#### YOUR INSTRUCTIONS
Pull out every line below that holds the word "strip".

#### MATERIAL FOR THIS TASK
[Start of Attachment]
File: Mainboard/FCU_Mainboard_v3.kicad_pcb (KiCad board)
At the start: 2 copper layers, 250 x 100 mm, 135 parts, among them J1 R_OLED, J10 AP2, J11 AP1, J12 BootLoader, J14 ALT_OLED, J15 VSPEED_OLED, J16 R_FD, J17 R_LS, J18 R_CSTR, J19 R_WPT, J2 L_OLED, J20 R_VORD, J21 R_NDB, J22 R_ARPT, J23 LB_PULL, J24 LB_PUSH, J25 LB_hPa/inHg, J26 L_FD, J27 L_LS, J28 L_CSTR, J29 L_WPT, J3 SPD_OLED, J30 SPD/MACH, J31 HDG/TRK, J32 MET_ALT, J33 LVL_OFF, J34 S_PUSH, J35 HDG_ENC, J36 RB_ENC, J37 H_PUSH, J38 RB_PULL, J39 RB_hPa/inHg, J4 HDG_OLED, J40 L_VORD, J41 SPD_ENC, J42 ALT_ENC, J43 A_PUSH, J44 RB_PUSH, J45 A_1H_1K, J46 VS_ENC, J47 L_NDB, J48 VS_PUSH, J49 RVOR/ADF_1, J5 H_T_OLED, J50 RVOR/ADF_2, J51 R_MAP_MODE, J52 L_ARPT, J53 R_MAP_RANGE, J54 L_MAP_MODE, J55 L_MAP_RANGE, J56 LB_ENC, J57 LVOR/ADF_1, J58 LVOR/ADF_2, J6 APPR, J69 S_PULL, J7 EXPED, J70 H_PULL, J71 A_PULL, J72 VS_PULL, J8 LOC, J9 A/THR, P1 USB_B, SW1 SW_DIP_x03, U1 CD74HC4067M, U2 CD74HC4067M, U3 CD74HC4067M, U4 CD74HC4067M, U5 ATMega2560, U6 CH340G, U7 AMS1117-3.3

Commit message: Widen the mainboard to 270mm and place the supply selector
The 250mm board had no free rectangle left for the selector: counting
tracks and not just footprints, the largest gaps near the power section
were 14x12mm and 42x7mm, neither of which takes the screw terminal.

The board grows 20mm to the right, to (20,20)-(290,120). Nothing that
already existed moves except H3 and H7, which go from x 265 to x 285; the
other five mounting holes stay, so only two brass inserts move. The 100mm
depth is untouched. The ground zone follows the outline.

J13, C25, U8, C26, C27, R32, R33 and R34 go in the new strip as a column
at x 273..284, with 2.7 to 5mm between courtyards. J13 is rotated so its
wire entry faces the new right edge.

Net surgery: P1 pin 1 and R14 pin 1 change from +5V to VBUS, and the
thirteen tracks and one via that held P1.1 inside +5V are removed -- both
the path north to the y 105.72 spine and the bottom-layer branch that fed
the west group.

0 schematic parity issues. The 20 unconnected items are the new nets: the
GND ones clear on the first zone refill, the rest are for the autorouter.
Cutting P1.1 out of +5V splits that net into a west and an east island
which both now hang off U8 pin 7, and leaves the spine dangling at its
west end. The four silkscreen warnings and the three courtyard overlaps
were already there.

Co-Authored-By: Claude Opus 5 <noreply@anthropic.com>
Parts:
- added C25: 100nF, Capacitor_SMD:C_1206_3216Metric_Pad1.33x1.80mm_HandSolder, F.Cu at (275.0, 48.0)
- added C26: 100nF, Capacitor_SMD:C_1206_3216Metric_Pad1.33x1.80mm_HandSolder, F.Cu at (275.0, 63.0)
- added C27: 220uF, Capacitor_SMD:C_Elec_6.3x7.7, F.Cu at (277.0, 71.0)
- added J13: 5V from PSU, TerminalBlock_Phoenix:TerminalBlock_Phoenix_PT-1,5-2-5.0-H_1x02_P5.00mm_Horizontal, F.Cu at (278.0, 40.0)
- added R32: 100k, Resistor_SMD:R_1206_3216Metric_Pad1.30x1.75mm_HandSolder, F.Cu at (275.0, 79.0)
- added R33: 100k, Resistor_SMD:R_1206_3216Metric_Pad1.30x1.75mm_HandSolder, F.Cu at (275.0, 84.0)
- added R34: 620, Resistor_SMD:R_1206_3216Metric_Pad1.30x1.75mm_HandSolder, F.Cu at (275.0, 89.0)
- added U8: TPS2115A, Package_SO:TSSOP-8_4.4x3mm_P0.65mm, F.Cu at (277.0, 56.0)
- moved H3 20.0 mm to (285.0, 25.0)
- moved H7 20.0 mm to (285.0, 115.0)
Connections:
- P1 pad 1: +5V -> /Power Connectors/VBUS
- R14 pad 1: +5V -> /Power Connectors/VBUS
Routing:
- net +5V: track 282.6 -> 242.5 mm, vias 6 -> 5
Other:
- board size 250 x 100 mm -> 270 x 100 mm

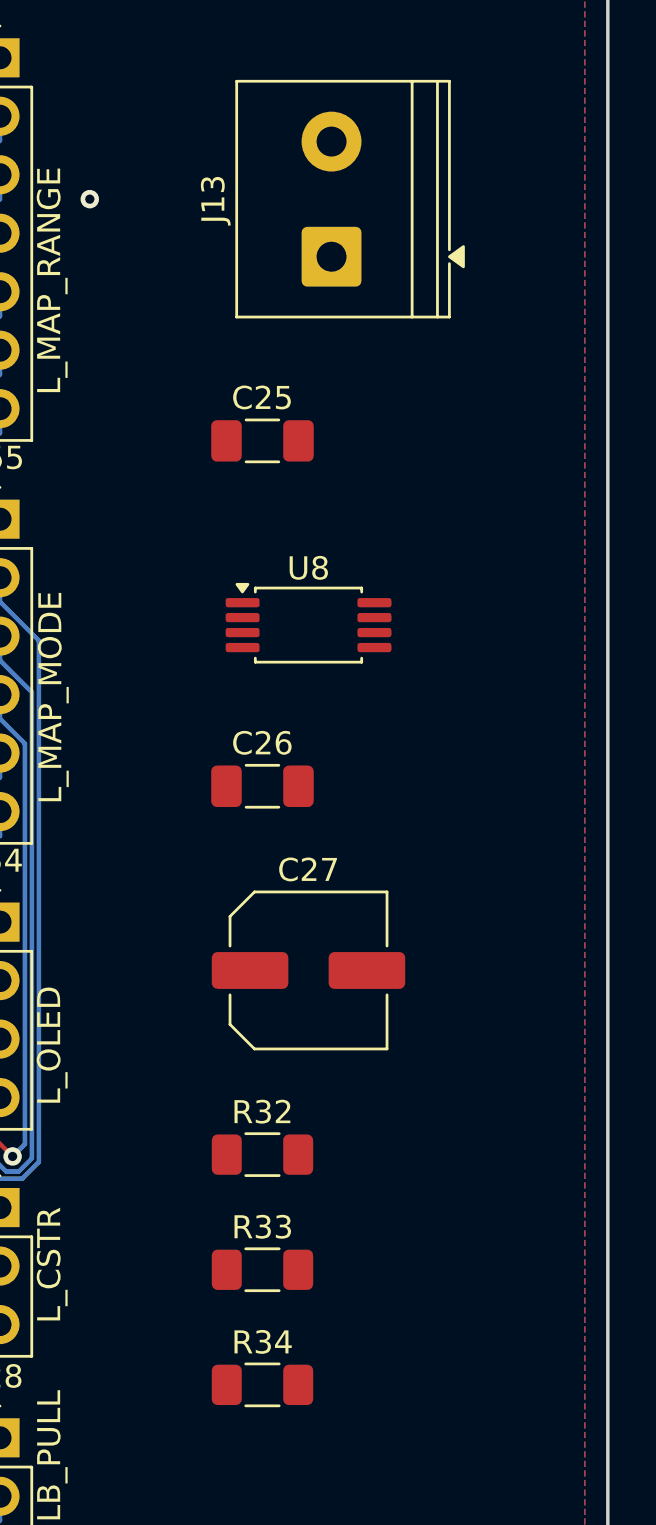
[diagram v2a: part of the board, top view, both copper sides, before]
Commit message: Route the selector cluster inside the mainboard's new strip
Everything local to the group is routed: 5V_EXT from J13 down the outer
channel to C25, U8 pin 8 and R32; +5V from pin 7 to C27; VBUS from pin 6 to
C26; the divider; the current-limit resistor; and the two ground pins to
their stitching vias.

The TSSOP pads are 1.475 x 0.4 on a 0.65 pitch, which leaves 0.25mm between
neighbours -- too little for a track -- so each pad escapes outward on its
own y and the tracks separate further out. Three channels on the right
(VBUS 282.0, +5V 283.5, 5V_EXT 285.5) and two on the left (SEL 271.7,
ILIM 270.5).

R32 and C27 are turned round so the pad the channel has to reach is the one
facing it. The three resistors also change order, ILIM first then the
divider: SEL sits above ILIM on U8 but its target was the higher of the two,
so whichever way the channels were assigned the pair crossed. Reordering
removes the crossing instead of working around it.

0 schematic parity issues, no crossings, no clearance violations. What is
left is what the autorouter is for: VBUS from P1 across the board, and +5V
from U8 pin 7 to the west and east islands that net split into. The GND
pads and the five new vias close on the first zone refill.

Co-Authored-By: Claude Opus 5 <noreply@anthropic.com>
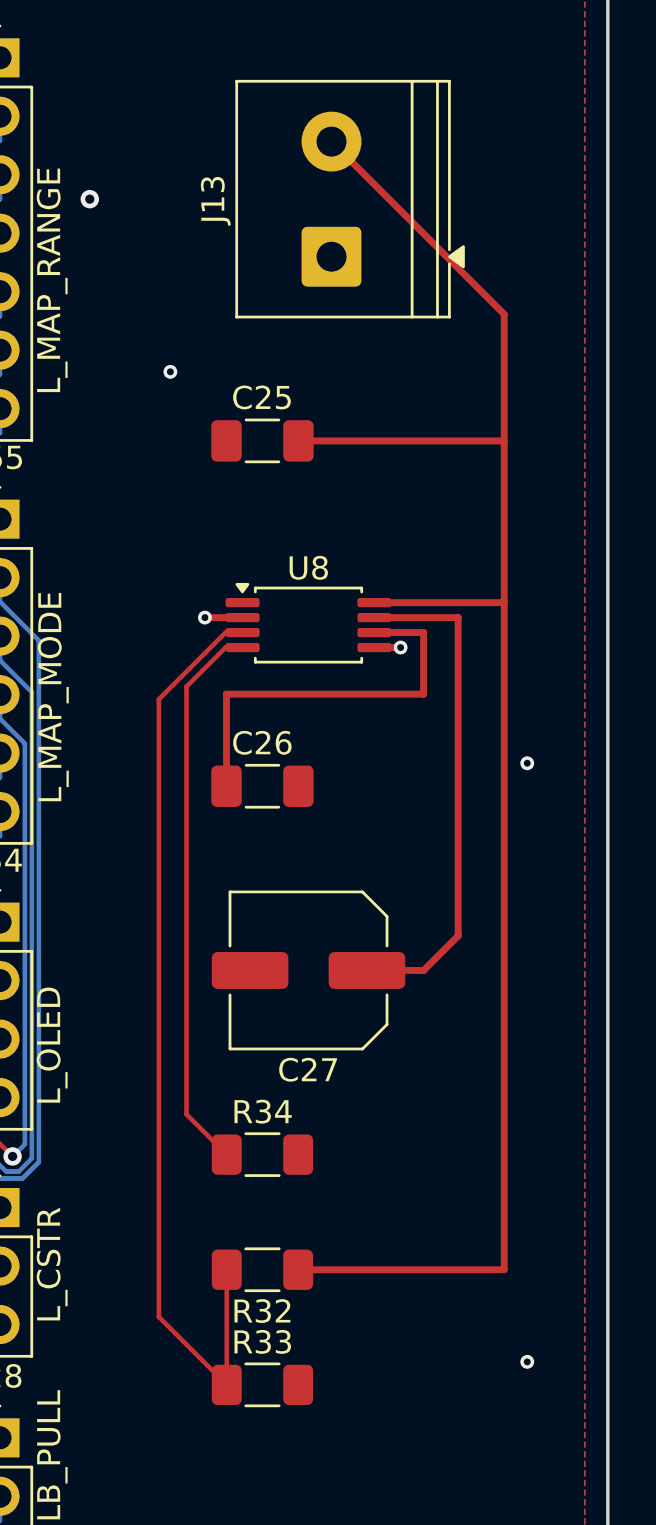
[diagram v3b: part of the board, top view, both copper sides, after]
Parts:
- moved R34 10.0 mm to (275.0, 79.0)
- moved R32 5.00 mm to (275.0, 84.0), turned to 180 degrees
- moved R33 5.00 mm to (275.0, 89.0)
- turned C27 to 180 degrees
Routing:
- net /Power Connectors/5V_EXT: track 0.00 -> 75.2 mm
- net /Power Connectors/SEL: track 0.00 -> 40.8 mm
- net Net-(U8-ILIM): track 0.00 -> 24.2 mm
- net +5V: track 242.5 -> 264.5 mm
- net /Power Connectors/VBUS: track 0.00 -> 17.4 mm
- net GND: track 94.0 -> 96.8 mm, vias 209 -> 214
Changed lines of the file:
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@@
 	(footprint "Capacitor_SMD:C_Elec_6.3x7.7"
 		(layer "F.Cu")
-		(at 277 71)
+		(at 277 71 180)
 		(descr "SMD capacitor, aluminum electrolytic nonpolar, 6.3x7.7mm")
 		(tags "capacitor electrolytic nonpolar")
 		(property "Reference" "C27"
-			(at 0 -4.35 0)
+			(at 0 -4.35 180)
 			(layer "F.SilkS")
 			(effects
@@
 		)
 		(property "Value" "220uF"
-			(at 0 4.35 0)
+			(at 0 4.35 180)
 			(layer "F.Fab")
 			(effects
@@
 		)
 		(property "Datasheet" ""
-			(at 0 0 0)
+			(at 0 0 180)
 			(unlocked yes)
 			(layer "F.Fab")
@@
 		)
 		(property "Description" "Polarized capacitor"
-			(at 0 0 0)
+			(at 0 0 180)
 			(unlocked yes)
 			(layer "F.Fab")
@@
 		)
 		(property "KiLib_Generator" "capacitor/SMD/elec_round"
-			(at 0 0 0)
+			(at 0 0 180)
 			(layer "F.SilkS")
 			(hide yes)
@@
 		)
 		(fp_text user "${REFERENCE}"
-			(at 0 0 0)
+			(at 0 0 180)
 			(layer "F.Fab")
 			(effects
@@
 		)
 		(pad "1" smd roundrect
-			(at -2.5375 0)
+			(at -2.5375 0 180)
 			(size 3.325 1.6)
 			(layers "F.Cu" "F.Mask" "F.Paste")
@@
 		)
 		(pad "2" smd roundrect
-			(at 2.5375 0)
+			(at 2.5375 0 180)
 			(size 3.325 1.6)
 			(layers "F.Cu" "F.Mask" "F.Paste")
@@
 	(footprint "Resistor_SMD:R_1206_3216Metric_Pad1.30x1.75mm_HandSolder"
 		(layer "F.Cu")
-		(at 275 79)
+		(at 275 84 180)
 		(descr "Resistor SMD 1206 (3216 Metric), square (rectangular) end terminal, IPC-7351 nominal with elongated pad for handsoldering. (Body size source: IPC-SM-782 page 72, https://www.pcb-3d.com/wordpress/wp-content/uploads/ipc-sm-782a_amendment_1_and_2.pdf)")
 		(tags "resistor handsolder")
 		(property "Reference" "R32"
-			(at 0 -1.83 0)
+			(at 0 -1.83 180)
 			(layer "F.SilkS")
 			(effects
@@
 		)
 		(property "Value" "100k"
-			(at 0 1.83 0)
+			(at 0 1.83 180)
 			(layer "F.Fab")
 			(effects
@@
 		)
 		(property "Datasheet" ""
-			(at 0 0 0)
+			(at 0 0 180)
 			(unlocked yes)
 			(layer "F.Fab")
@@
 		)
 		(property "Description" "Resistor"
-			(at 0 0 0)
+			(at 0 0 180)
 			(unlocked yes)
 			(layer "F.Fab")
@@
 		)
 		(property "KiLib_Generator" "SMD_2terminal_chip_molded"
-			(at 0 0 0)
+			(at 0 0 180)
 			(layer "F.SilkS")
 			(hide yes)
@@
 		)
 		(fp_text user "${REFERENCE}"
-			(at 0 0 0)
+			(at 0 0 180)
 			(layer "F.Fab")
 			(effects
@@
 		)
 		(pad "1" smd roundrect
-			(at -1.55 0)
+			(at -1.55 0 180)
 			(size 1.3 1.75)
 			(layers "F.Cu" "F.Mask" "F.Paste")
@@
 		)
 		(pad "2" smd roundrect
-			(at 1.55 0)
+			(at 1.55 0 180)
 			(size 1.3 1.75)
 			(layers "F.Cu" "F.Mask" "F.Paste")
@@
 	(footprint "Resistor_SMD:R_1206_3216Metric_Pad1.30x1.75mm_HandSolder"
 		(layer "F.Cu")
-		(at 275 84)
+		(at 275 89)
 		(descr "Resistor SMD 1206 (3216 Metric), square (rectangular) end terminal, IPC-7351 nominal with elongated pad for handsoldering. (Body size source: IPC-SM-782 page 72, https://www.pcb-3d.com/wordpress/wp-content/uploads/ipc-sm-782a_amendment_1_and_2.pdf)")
[End of Attachment]
#### FINISHED EXERCISE
J13, C25, U8, C26, C27, R32, R33 and R34 go in the new strip as a column
Commit message: Route the selector cluster inside the mainboard's new strip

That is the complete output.